═════ Entries supplied ═════
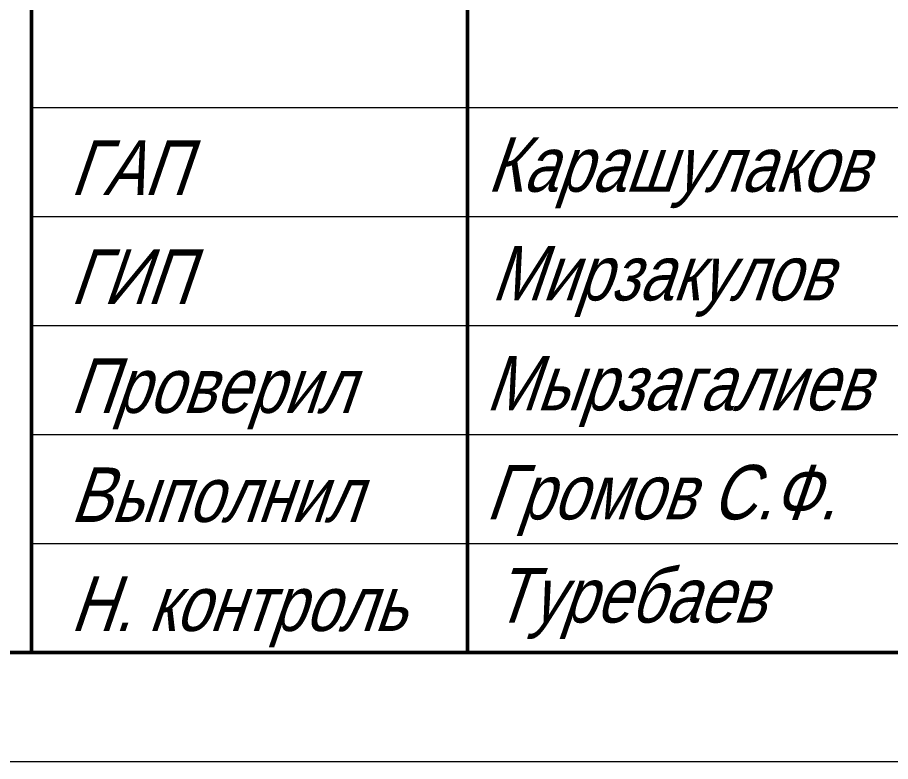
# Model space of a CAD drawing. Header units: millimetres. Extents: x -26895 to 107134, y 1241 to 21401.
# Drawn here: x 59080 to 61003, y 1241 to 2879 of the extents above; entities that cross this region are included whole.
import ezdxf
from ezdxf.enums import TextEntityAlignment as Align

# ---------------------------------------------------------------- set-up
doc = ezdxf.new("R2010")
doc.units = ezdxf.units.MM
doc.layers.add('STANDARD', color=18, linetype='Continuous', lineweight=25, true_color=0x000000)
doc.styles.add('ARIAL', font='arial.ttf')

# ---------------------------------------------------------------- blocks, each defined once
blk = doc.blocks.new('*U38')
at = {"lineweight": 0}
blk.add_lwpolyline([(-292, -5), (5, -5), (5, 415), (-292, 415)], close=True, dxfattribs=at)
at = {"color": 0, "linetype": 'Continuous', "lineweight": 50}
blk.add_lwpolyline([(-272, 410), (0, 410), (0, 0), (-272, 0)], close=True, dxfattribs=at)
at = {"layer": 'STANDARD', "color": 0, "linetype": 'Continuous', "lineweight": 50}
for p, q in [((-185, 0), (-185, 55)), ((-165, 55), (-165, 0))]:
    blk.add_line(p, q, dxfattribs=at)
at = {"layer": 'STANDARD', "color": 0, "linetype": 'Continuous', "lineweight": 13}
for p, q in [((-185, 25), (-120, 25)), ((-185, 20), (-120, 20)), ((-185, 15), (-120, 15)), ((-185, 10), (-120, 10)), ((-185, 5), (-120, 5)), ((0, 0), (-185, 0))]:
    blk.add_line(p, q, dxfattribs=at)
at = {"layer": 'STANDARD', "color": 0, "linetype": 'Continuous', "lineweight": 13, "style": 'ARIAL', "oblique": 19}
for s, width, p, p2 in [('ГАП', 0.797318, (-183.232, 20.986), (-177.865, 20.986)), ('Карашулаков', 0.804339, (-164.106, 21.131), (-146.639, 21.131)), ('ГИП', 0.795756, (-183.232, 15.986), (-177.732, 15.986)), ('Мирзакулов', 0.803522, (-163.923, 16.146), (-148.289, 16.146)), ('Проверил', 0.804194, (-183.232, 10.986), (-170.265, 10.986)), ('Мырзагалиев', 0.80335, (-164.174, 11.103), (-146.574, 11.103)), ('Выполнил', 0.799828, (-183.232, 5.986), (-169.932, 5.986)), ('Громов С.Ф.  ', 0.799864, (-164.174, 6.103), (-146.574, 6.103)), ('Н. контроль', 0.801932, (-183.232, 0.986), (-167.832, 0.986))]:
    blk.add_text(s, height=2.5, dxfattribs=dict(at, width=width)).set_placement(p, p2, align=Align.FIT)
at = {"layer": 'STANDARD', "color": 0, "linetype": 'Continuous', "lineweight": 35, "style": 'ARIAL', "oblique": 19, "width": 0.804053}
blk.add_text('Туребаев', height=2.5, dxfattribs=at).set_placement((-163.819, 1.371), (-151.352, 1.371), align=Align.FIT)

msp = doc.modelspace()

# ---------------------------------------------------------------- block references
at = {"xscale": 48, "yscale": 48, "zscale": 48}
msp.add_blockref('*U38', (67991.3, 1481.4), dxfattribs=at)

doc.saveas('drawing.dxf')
═════
Where the word "ezdxf" occurs in a line of the records, copy that line.

# The completed task:
import ezdxf
from ezdxf.enums import TextEntityAlignment as Align
doc = ezdxf.new("R2010")
doc.units = ezdxf.units.MM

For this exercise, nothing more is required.